FIG. 3A shows an oblique front view and FIG. 3B shows a lower
surface view of this typical single unit truck 1 with device 10
installed. The device 10 is comprised of first and second panels
101 and 102 that extended downward from the vehicle bottom surface
37. Each of the first and second panels, 101 and 102, have a
forward portion, 103 and 104, and an aft portion 105 and 106. The
forward portion, 103 and 104, of each penal 101, 102, extends
inward and has significant forward projected area. The aft portion,
105 and 106, of each structure 101, 102, is approximately aligned
in a plane that is parallel with the vehicle centerline and has
minimal forward projected area.
[0053] FIGS. 4A and 4B show flow patterns in the undercarriage
region of a ground vehicle 1 with and without device 10 installed.
In FIG. 4A and FIG. 4B, the airflow about the vehicle 1 and in the
undercarriage region is represented by arrow-tipped lines 100 and
swirl structures 110. The arrow-tipped lines 100 represent the free
stream flow entering the undercarriage region. The non-arrow-tipped
circular lines 110 represent rotational, random, unsteady eddy
flow.
[0054] FIG. 4A shows a cross-section view, in a plane perpendicular
to the ground, of the undercarriage of a vehicle cargo portion 30
with side surface 32 and 33 and a bottom surface 37. FIG. 4A also
shows the undercarriage flow 100 and 110, without the device 10
installed. For a vehicle 1 moving over a surface or road, the free
stream flow 100 enters the undercarriage region from the front of
the vehicle 1 and from the side of the vehicle 1. The freestream
flow 100 interacts with the various vehicle components and becomes
unstructured and dynamic and includes random size and strength
eddies 110. The dynamic, random undercarriage flow interacts with
the vehicle undercarriage structures resulting in a large drag
force.
[0055] FIG. 4B shows a cross-section view, in a plane perpendicular
to the ground, of the undercarriage of a vehicle cargo portion 30
with side surface 32 and 33 and a bottom surface 37 and the first
and second panels, 101 and 102 comprising an embodiment of the
device 10. Each structure or panel, 101 and 102, of the device 10
contains two primary surfaces; a forward portion, 103 and 104, and
an aft portion, 105 and 106. FIG. 2B also shows the undercarriage
flow 110 with an embodiment of the device 10 installed. For a
vehicle 1 with the device 10 installed there is negligible
undercarriage flow and thus negligible undercarriage drag. The
dramatic reduction in undercarriage flow results from the flow
control by both the forward portions, 103 and 104, and the aft
portions, 105 and 106, of the device 10. The forward portions, 103
and 104, of the device 10 efficiently redirects the flow, passing
under and around the sides of the forward part of the vehicle 1,
laterally outboard of the vehicle cargo portion 30. The aft
portions, 105 and 106, of the device 10 efficiently blocks the flow
that would otherwise enter the undercarriage-region from the side
of the vehicle 1. The forward and aft portions work together for
effectiveness.
[0056] FIG. 5 shows two panel-concepts of device 10. The figure
shows a cross-section view A-A, in a plane perpendicular to the
ground, of the undercarriage of a cargo portion 30 with the first
and second panels 101 and 102 of an embodiment of the device 10.
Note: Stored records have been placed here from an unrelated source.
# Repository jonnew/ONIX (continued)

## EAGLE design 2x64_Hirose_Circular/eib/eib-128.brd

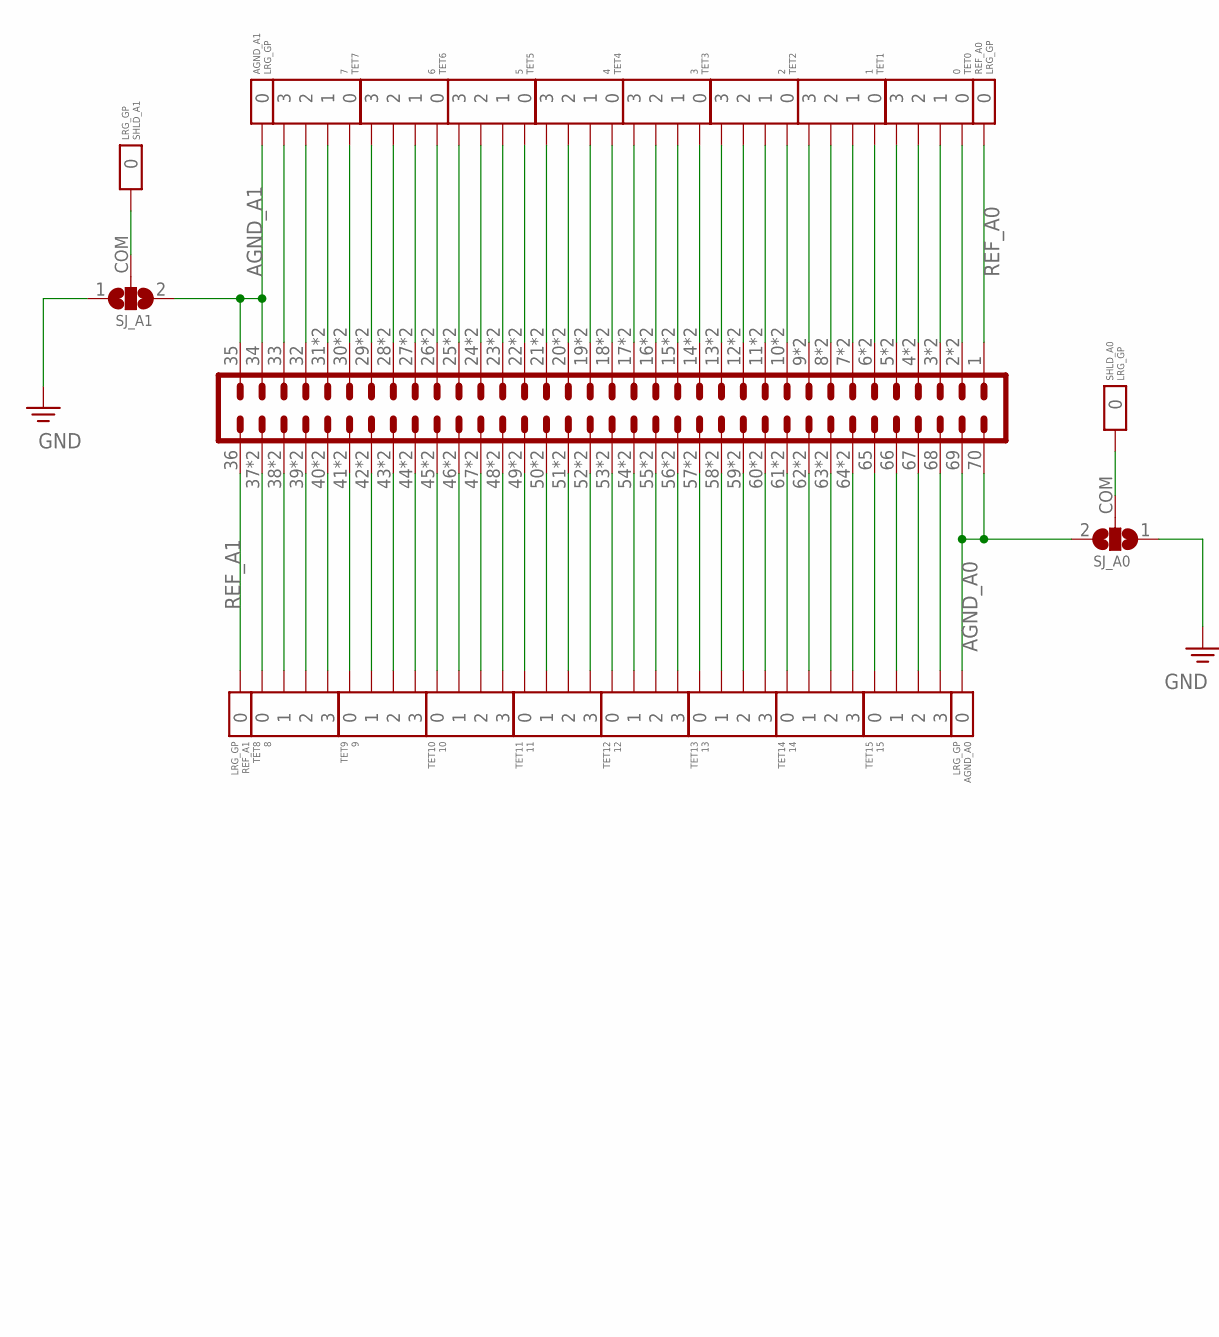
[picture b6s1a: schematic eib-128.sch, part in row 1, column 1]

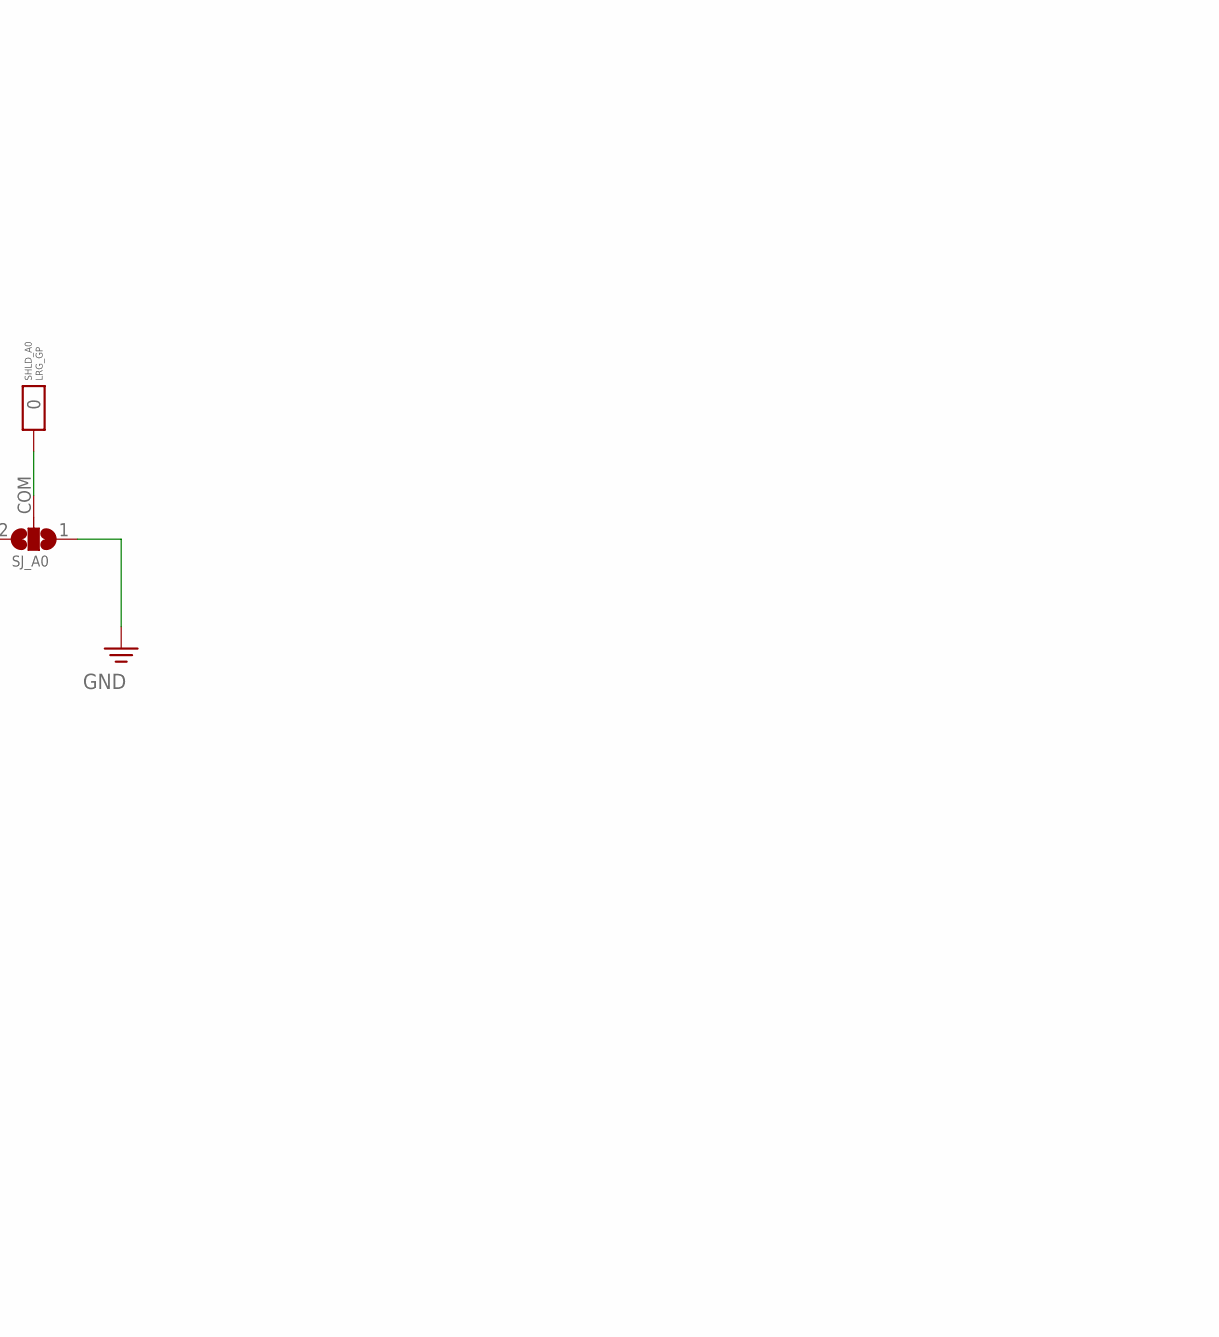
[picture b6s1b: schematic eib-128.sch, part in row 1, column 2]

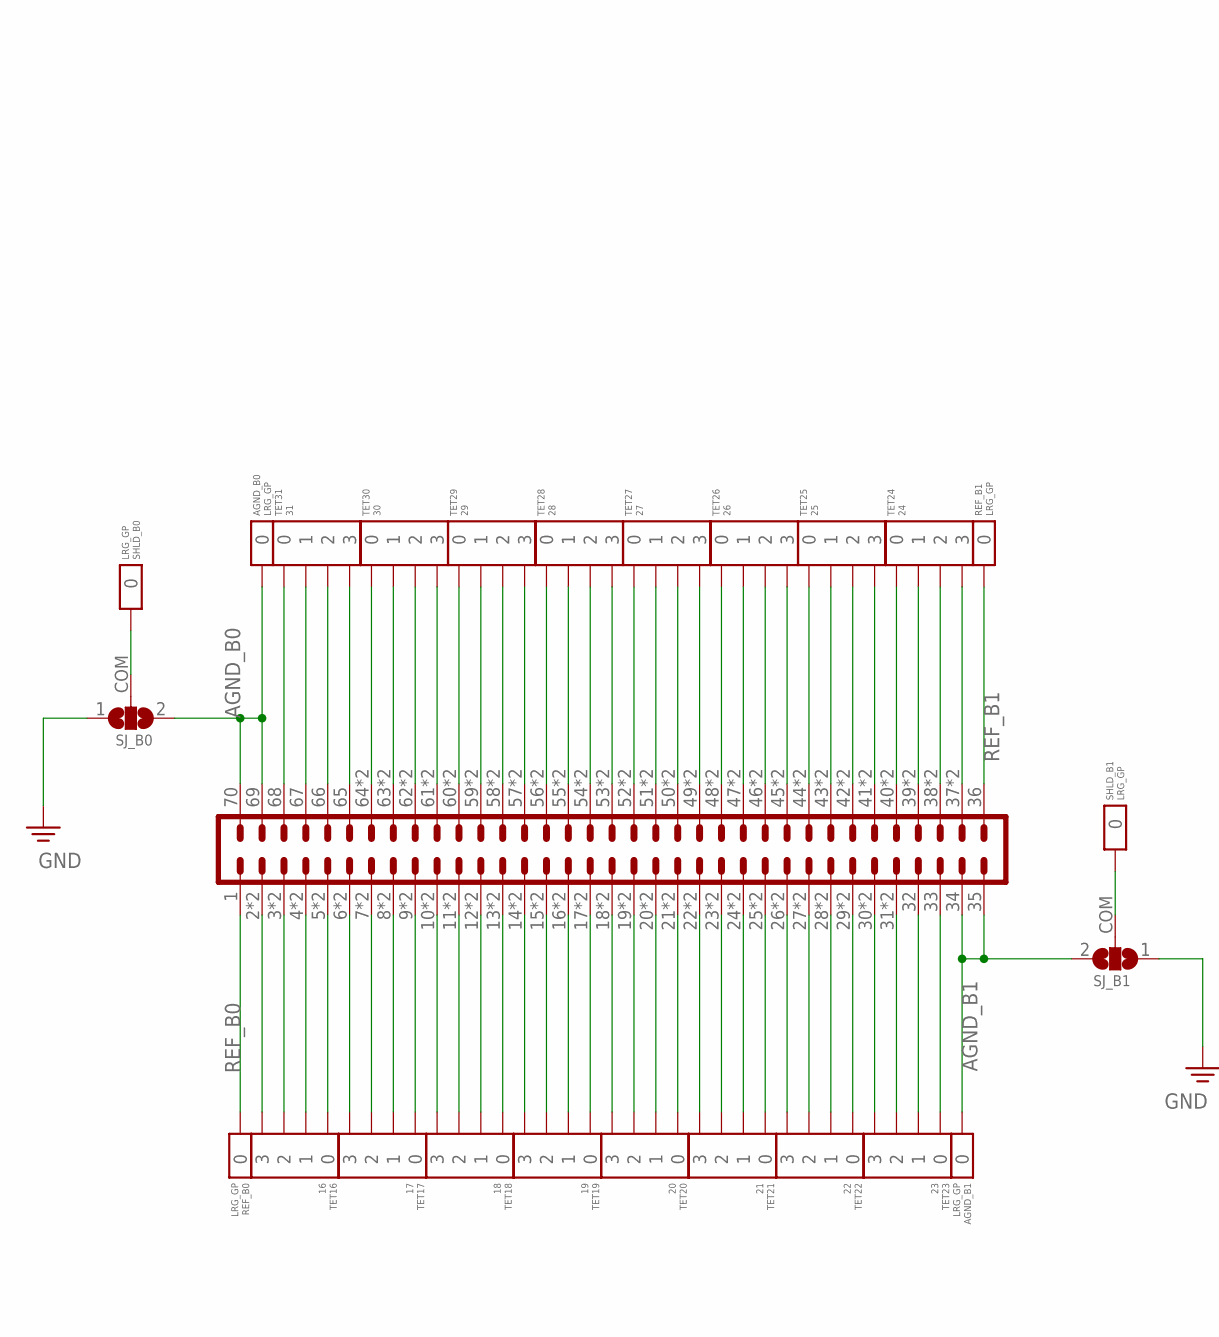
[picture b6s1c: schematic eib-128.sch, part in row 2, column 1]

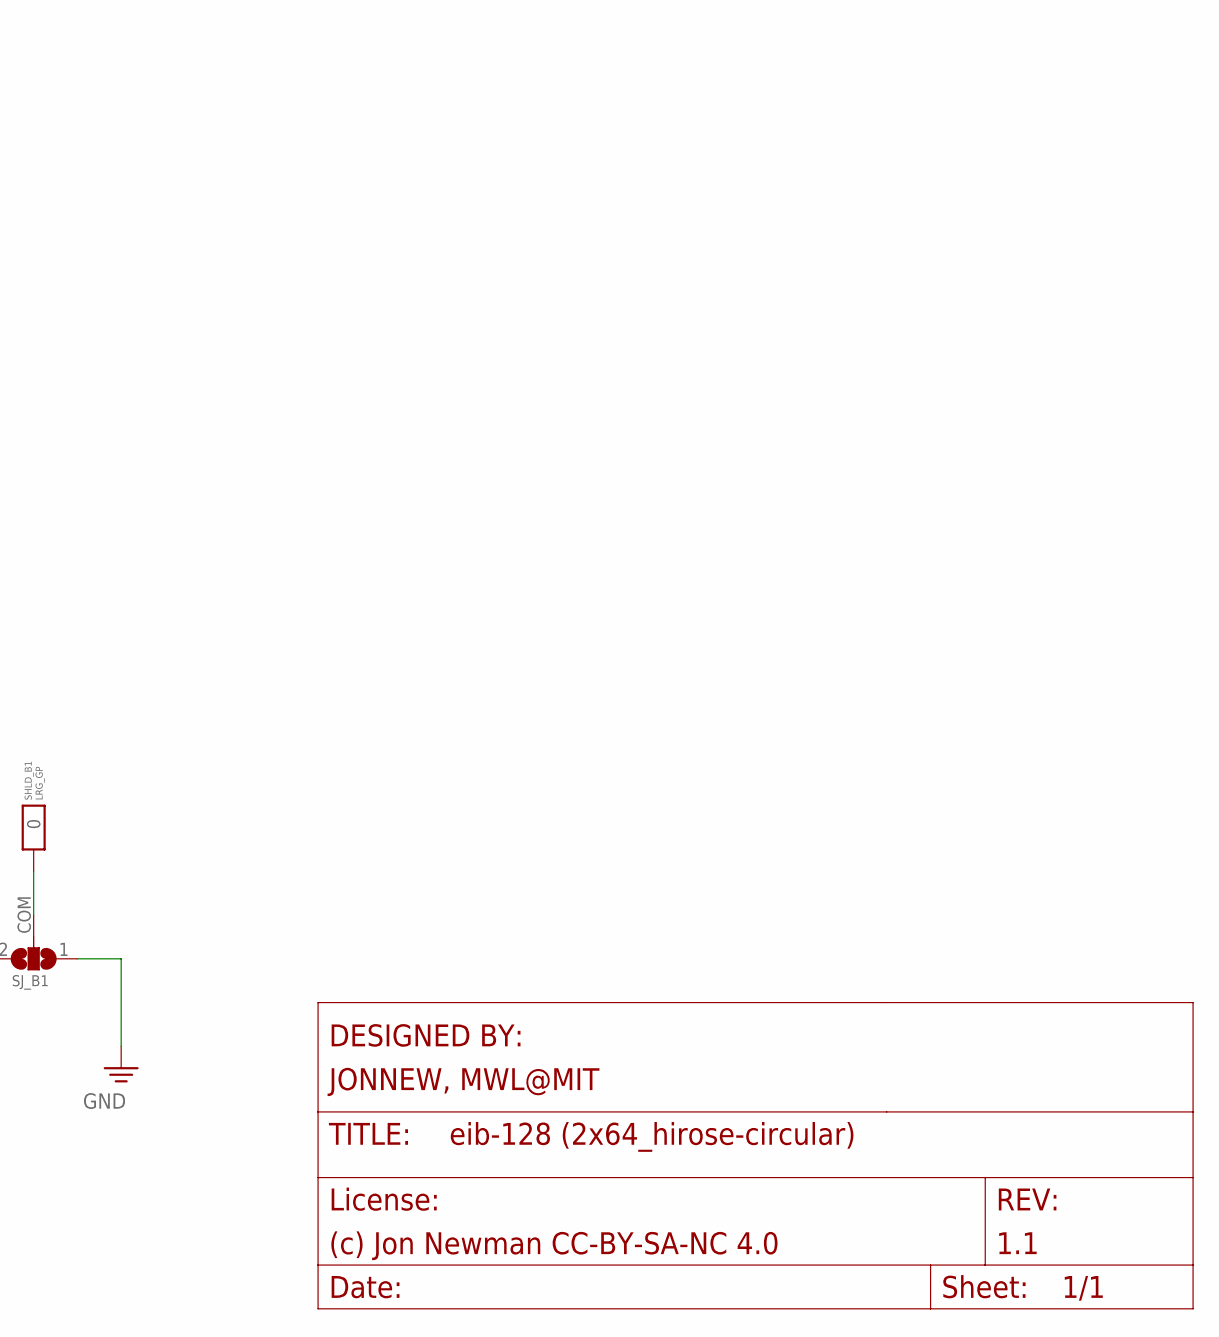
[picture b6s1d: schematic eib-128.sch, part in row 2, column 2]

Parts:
AGND_A0, AGND_A1: LRG_GP; GOLDPIN_0.5ID_0.7OD
AGND_B0, AGND_B1: LRG_GP; GOLDPIN_0.5ID_0.7OD
AIN_N0T: DF40HEAD; DF40-70HEAD-EIB
AIN_S0T: DF40HEAD; DF40-70HEAD-EIB
REF_A0, REF_A1: LRG_GP; GOLDPIN_0.5ID_0.7OD
REF_B0, REF_B1: LRG_GP; GOLDPIN_0.5ID_0.7OD
SHLD_A0, SHLD_A1: LRG_GP; GOLDPIN_0.5ID_0.7OD
SHLD_B0, SHLD_B1: LRG_GP; GOLDPIN_0.5ID_0.7OD
SJ_A0, SJ_A1: SJ2_0402; SJ_2_0402
SJ_B0, SJ_B1: SJ2_0402; SJ_2_0402
TET0: 0; TETRODE_128_0.5ID_0.7OD
TET1: 1; TETRODE_128_0.5ID_0.7OD
TET2: 2; TETRODE_128_0.5ID_0.7OD
TET3: 3; TETRODE_128_0.5ID_0.7OD
TET4: 4; TETRODE_128_0.5ID_0.7OD
TET5: 5; TETRODE_128_0.5ID_0.7OD
TET6: 6; TETRODE_128_0.5ID_0.7OD
TET7: 7; TETRODE_128_0.5ID_0.7OD
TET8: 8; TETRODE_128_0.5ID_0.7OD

FIG. 5B shows each structure 101 and 102 of the device 10 may be
constructed as a single vertical panel without an attachment
element. FIG. 5C shows each structure 101 and 102 of the device 10
may be constructed as an inverted L-shaped panel with an integrated
upper attachment element. The depicted panel concepts shown are
examples only, additional panel concepts may also be considered.
The example panel concepts shown, as well as other concepts, may be
used on either the forward portions, 103 and 104, or the aft
portions, 105 and 106, or both portions of the device 10.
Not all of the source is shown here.